Mikey, what was the price range?


----------



## mikey202 (Dec 29, 2005)

plexiprs said:


> Hmmmm ........... might just have to try to find that, looks like a good adventure to embark upon........
> 
> Mikey, what was the price range?


I paid $24


----------



## croatan (Mar 23, 2005)

mikey202 said:


> Ilike bourbon and coke  ...I bought some of this last weekend and really liked it http://www.bulleitbourbon.com/index.php


For an inexpensive bourbon, I think Bulleit is a pretty good choice. It's fairly mellow and goes very well with a cigar.


----------



## catfishm2 (Nov 6, 2004)

That's one I haven't tried yet. Definitely going to add it to the list.


----------



## plexiprs (Nov 18, 2005)

Local "source" no gotz, across town to the big store...


----------



## D. Generate (Jul 1, 2004)

Haven't seen that one. I'm a big fan of bourbon, especially the ones I can afford, so I'll keep a look out.


----------



## clampdown (Feb 7, 2006)

Evan Williams Single Barrel Bourboun. On new years had a tasting with 6 bourbouns and 6 scotchs (to say i wasnt feeling good afterwards is an understatement). The Evan Williams won out.


----------



## TypeO- (Jan 4, 2006)

Anyone in NC know if the ABC stores carry this? I haven't seen it at the two that I've stopped in.


----------



## mikey202 (Dec 29, 2005)

TypeO- said:


> Anyone in NC know if the ABC stores carry this? I haven't seen it at the two that I've stopped in.


that is where I got my bottle.


----------



## ky toker (Jun 2, 2005)

I like the Cock. Fighting Cock Bourbon is pretty decent. Made for a good poker night though I lost my money once inebriated. 

I like JB Black and prefer Bean & coke. Though I'll mix up a few different drinks as well to make for fun.


----------



## rjose (Jul 7, 2005)

clampdown said:


> Evan Williams Single Barrel Bourboun. On new years had a tasting with 6 bourbouns and 6 scotchs (to say i wasnt feeling good afterwards is an understatement). The Evan Williams won out.


I agree, I bought a bottle of Evan Williams 1995 Single Barrel a few months ago and found it to be better than a lot of other far more expensive bourbons. I think its very cool that they write down what barrel it came out of and that dates it was barreled and bottled. I wonder how much variation there is from different barrels, or do you think they choose barrels with very similar profiles.


----------



## drevim (Dec 21, 2005)

Look at Woodford Reserve (my personal fav), Knob Creek, and 4 Roses. The KY Bourbon just seems to be smoother and sweeter than the TN counterpart.

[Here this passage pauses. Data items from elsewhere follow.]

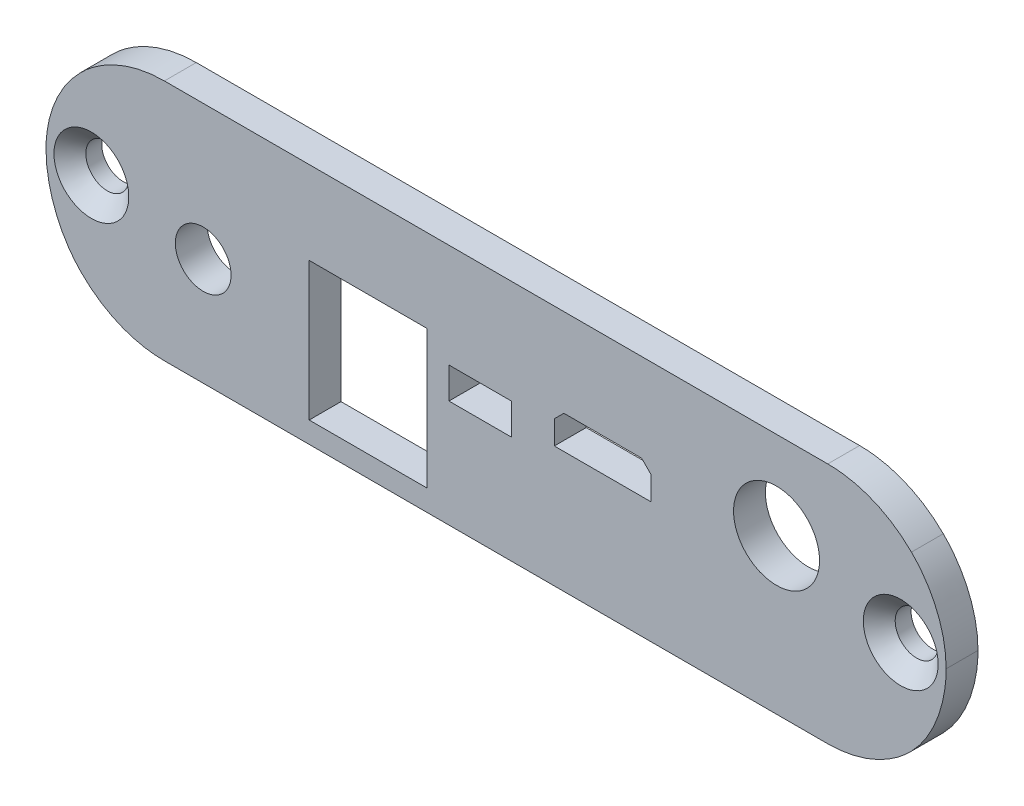
from build123d import *

# Parameters (mm, degrees)
SKETCH1_R           = 3.4289
SKETCH1_R_2         = 1.7144
SKETCH1_R_3         = 2.2226
SKETCH1_W           = 9.398
SKETCH1_H           = 11.0235
SKETCH1_W_2         = 5.0037
SKETCH1_H_2         = 2.4891
BOSS_EXTRUDE1_DEPTH = 2.54
CHAMFER1_SIZE       = 1.27


with BuildPart() as part:
    # Sketch1 → Boss-Extrude1 (new body)
    with BuildSketch(Plane.XY):
        with BuildLine():
            Line((6.434, 7.2517), (-46.4644, 7.2517))
            add(Edge.make_bspline(
                [(-46.4644, 7.2517), (-48.9654, 7.2501), (-51.3771, 6.2567), (-53.1462, 4.4876)],
                knots=[0.3, 0.3, 0.3, 0.3, 0.4, 0.4, 0.4, 0.4], degree=3))
            add(Edge.make_bspline(
                [(-53.1462, 4.4876), (-54.9139, 2.7201), (-55.907, 0.3228), (-55.9054, -2.1769)],
                knots=[0.4, 0.4, 0.4, 0.4, 0.5, 0.5, 0.5, 0.5], degree=3))
            add(Edge.make_bspline(
                [(-55.9054, -2.1769), (-55.9039, -4.7242), (-54.9188, -7.4291), (-53.137, -9.2518)],
                knots=[0.5, 0.5, 0.5, 0.5, 0.6, 0.6, 0.6, 0.6], degree=3))
            add(Edge.make_bspline(
                [(-53.137, -9.2518), (-51.3786, -11.0507), (-48.9824, -12.0793), (-46.4644, -12.0777)],
                knots=[0.6, 0.6, 0.6, 0.6, 0.7, 0.7, 0.7, 0.7], degree=3))
            Line((-46.4644, -12.0777), (6.434, -12.0777))
            add(Edge.make_bspline(
                [(6.434, -12.0777), (8.9516, -12.0761), (11.3581, -11.0449), (13.1151, -9.2429)],
                knots=[0.8, 0.8, 0.8, 0.8, 0.9, 0.9, 0.9, 0.9], degree=3))
            add(Edge.make_bspline(
                [(13.1151, -9.2429), (14.8954, -7.4173), (15.8766, -4.7239), (15.875, -2.1771)],
                knots=[0.9, 0.9, 0.9, 0.9, 1, 1, 1, 1], degree=3))
            add(Edge.make_bspline(
                [(15.875, -2.1771), (15.8735, 0.3223), (14.8775, 2.7305), (13.1074, 4.496)],
                knots=[0, 0, 0, 0, 0.1, 0.1, 0.1, 0.1], degree=3))
            add(Edge.make_bspline(
                [(13.1074, 4.496), (11.3364, 6.2625), (8.9354, 7.2533), (6.434, 7.2517)],
                knots=[0.1, 0.1, 0.1, 0.1, 0.2, 0.2, 0.2, 0.2], degree=3))
        make_face()
        with Locations((2.35, 0.25)):
            Circle(SKETCH1_R, mode=Mode.SUBTRACT)
        with Locations((12.2554, -2.1716)):
            Circle(SKETCH1_R_2, mode=Mode.SUBTRACT)
        with Locations((-43.3701, -3.5091)):
            Circle(SKETCH1_R_3, mode=Mode.SUBTRACT)
        with Locations((-52.2859, -2.1716)):
            Circle(SKETCH1_R_2, mode=Mode.SUBTRACT)
        with Locations((-30.2191, -4.88075)):
            Rectangle(SKETCH1_W, SKETCH1_H, mode=Mode.SUBTRACT)
        Polygon((-15.3715, -0.5328), (-14.6095, 0.2292), (-8.4119, 0.2292), (-7.6499, -0.5328), (-7.6499, -2.4124), (-15.3715, -2.4124), align=None, mode=Mode.SUBTRACT)
        with Locations((-21.27195, -2.26465)):
            Rectangle(SKETCH1_W_2, SKETCH1_H_2, mode=Mode.SUBTRACT)
    extrude(amount=BOSS_EXTRUDE1_DEPTH)

    # Chamfer1
    chamfer1_edges = [part.edges().sort_by_distance(p)[0] for p in [
        (10.541, -2.1716, 2.54),
        (-54.0003, -2.1716, 2.54),
    ]]
    chamfer(chamfer1_edges, length=CHAMFER1_SIZE)


solid = part.part
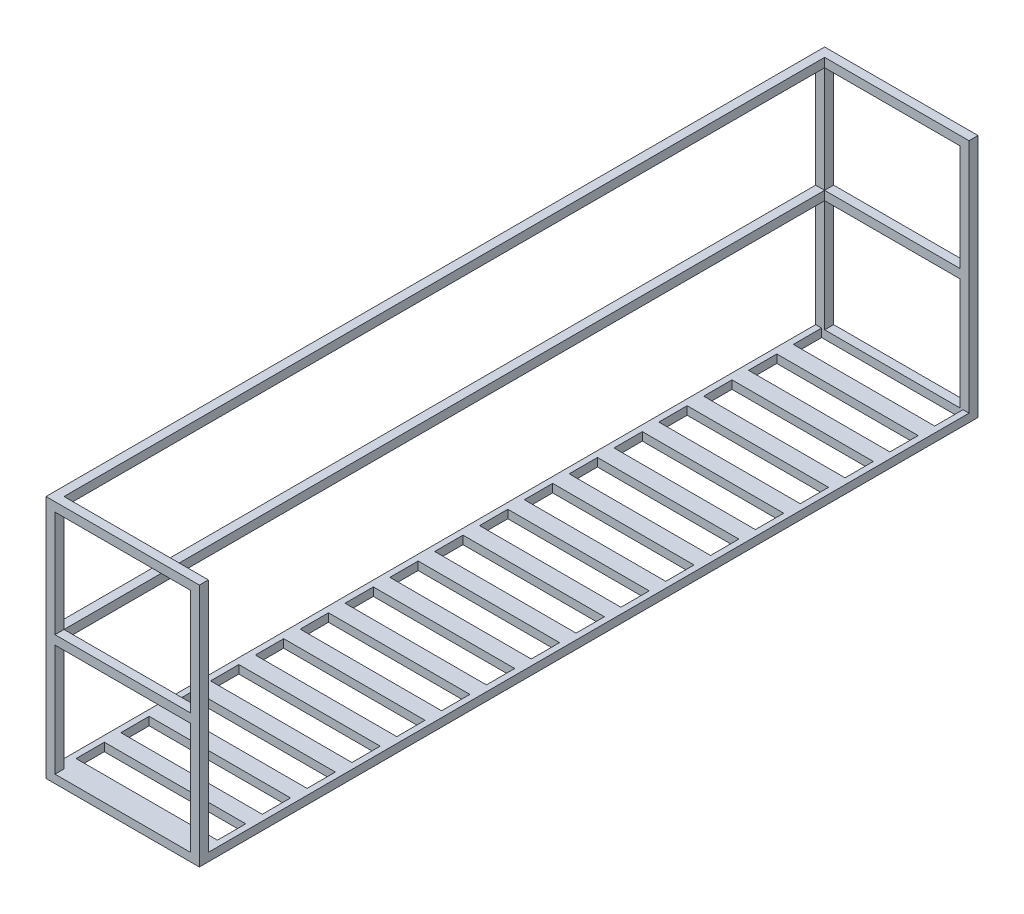
from build123d import *

# Parameters (mm, degrees)
CROQUIS1_W              = 650
CROQUIS1_H              = 35
SALIENTE_EXTRUIR1_DEPTH = 3300
CROQUIS2_W              = 599.2
CROQUIS2_H              = 120
CORTAR_EXTRUIR1_DEPTH   = 3000
MATRIZL1_COUNT          = 17
MATRIZL1_PITCH          = 190
CROQUIS3_W              = 38.1
CROQUIS3_H              = 38.1
SALIENTE_EXTRUIR2_DEPTH = 1000
CROQUIS4_W              = 38.1
CROQUIS4_H              = 38.1
SALIENTE_EXTRUIR3_DEPTH = 3250
CROQUIS5_W              = 38.1
CROQUIS5_H              = 38.1
SALIENTE_EXTRUIR4_DEPTH = 3250
CROQUIS6_W              = 38.1
CROQUIS6_H              = 38.1
SALIENTE_EXTRUIR5_DEPTH = 630
CROQUIS7_W              = 38.1
CROQUIS7_H              = 38.1
SALIENTE_EXTRUIR6_DEPTH = 630
CROQUIS8_W              = 38.1
CROQUIS8_H              = 38.1
SALIENTE_EXTRUIR7_DEPTH = 630


with BuildPart() as part:
    # Croquis1 → Saliente-Extruir1 (new body)
    with BuildSketch(Plane.XY):
        with Locations((325, 17.5)):
            Rectangle(CROQUIS1_W, CROQUIS1_H)
    extrude(amount=SALIENTE_EXTRUIR1_DEPTH)

    # Croquis2 → Cortar-Extruir1 (cut)
    with BuildSketch(Plane(origin=(0, 35, 0), x_dir=(1, 0, 0), z_dir=(0, 1, 0))):
        with Locations((325, -98.1)):
            Rectangle(CROQUIS2_W, CROQUIS2_H)
    cortar_extruir1 = extrude(amount=-CORTAR_EXTRUIR1_DEPTH, mode=Mode.SUBTRACT)

    # MatrizL1: Cortar-Extruir1 ×17
    with Locations(*[(0, 0, i * MATRIZL1_PITCH) for i in range(1, MATRIZL1_COUNT)]):
        add(cortar_extruir1, mode=Mode.SUBTRACT)

    # Croquis3 → Saliente-Extruir2 (add)
    with BuildSketch(Plane(origin=(0, 35, 0), x_dir=(1, 0, 0), z_dir=(0, 1, 0))):
        with Locations((19.05, -3280.95)):
            Rectangle(CROQUIS3_W, CROQUIS3_H)
        with Locations((630.95, -3280.95)):
            Rectangle(CROQUIS3_W, CROQUIS3_H)
        with Locations((19.05, -19.05)):
            Rectangle(CROQUIS3_W, CROQUIS3_H)
        with Locations((630.95, -19.05)):
            Rectangle(CROQUIS3_W, CROQUIS3_H)
    extrude(amount=SALIENTE_EXTRUIR2_DEPTH)

    # Croquis4 → Saliente-Extruir3 (add)
    with BuildSketch(Plane.XY.offset(38.1)):
        with Locations((19.05, 1015.95)):
            Rectangle(CROQUIS4_W, CROQUIS4_H)
    extrude(amount=SALIENTE_EXTRUIR3_DEPTH)

    # Croquis5 → Saliente-Extruir4 (add)
    with BuildSketch(Plane.XY.offset(38.1)):
        with Locations((19.05, 527.85)):
            Rectangle(CROQUIS5_W, CROQUIS5_H)
    extrude(amount=SALIENTE_EXTRUIR4_DEPTH)

    # Croquis6 → Saliente-Extruir5 (add)
    with BuildSketch(Plane(origin=(650, 0, 0), x_dir=(0, 0, -1), z_dir=(1, 0, 0))):
        with Locations((-19.05, 1015.95)):
            Rectangle(CROQUIS6_W, CROQUIS6_H)
    extrude(amount=-SALIENTE_EXTRUIR5_DEPTH)

    # Croquis7 → Saliente-Extruir6 (add)
    with BuildSketch(Plane(origin=(650, 0, 0), x_dir=(0, 0, -1), z_dir=(1, 0, 0))):
        with Locations((-3280.95, 1015.95)):
            Rectangle(CROQUIS7_W, CROQUIS7_H)
    extrude(amount=-SALIENTE_EXTRUIR6_DEPTH)

    # Croquis8 → Saliente-Extruir7 (add)
    with BuildSketch(Plane(origin=(650, 0, 0), x_dir=(0, 0, -1), z_dir=(1, 0, 0))):
        with Locations((-19.05, 527.85)):
            Rectangle(CROQUIS8_W, CROQUIS8_H)
        with Locations((-3280.95, 527.85)):
            Rectangle(CROQUIS8_W, CROQUIS8_H)
    extrude(amount=-SALIENTE_EXTRUIR7_DEPTH)


solid = part.part

In fact, we are planning to try and do the "Bourbon Trail" around Lexington this spring. You go to all the distilleries in the area and do tastings, and tour the facilities. Sounds very nice.


----------



## Roger Miller" (Apr 15, 2004)

mikey202 said:


> HMMMM....I can only say that it is sort of in the range of Knob Creek,Jim Beam Black...kinda smooth with a kick. If that makes any sense.I'm starting to venture out in the bourbon field from the old standard of Jim Beam and Jack Daniels.


For the love of god, don't mix that good bourbon with coke! If you want a mixed drink stick with the JB and JD. But if you are moving up to the Bulleit, Knob Creek, Woodford's Reserve, range -- drink it pure man.

Sheesh -- rant over.

_____
rm


----------



## Don Fernando (Jan 1, 2000)

:tpd: 

i rarely buy any expensive bourbon (lately i have been buying evan williams for $18.99 for a handle...CHEAP)

so i don't feel bad mixing it with coke if the mood strikes me.

sometimes i like bourbon neat, sometimes with water, and sometimes with coke.

but if i've paid more than $20 a fifth, generally it's pretty good stuff and there's no way i'm mixing it with coke...

just my :2


----------



## Funnymantrip (Oct 28, 2004)

Roger Miller" said:


> For the love of god, don't mix that good bourbon with coke! If you want a mixed drink stick with the JB and JD. But if you are moving up to the Bulleit, Knob Creek, Woodford's Reserve, range -- drink it pure man.
> 
> Sheesh -- rant over.
> 
> ...


I was thinking the exact same thing. I love my beam and cokes. Love them. IMHO Jim Beam Black is the best bourbon as a drinker and mixer on the market. You don't feel too bad about putting it with the coke or making a julip with it. It's great just on the rocks or on an occasion with a bit of lime. When you decide to buy up market it's purely straight.


----------



## mikey202 (Dec 29, 2005)

:al .....Ya'll ain't the boss of me!!!!  I drink bourbon straight when the mood strikes me...but I generaly like it mixed with a little bit of coke.Its not like I'm paying $35-$40 a fifth.$24 is only a couple dollars more than the norm.I LUV YOU ALL and to me its all about what you enjoy.​


----------



## TheSmokingHiker (Jan 11, 2005)

mikey202 said:


> I LUV YOU ALL and to me its all about what you enjoy.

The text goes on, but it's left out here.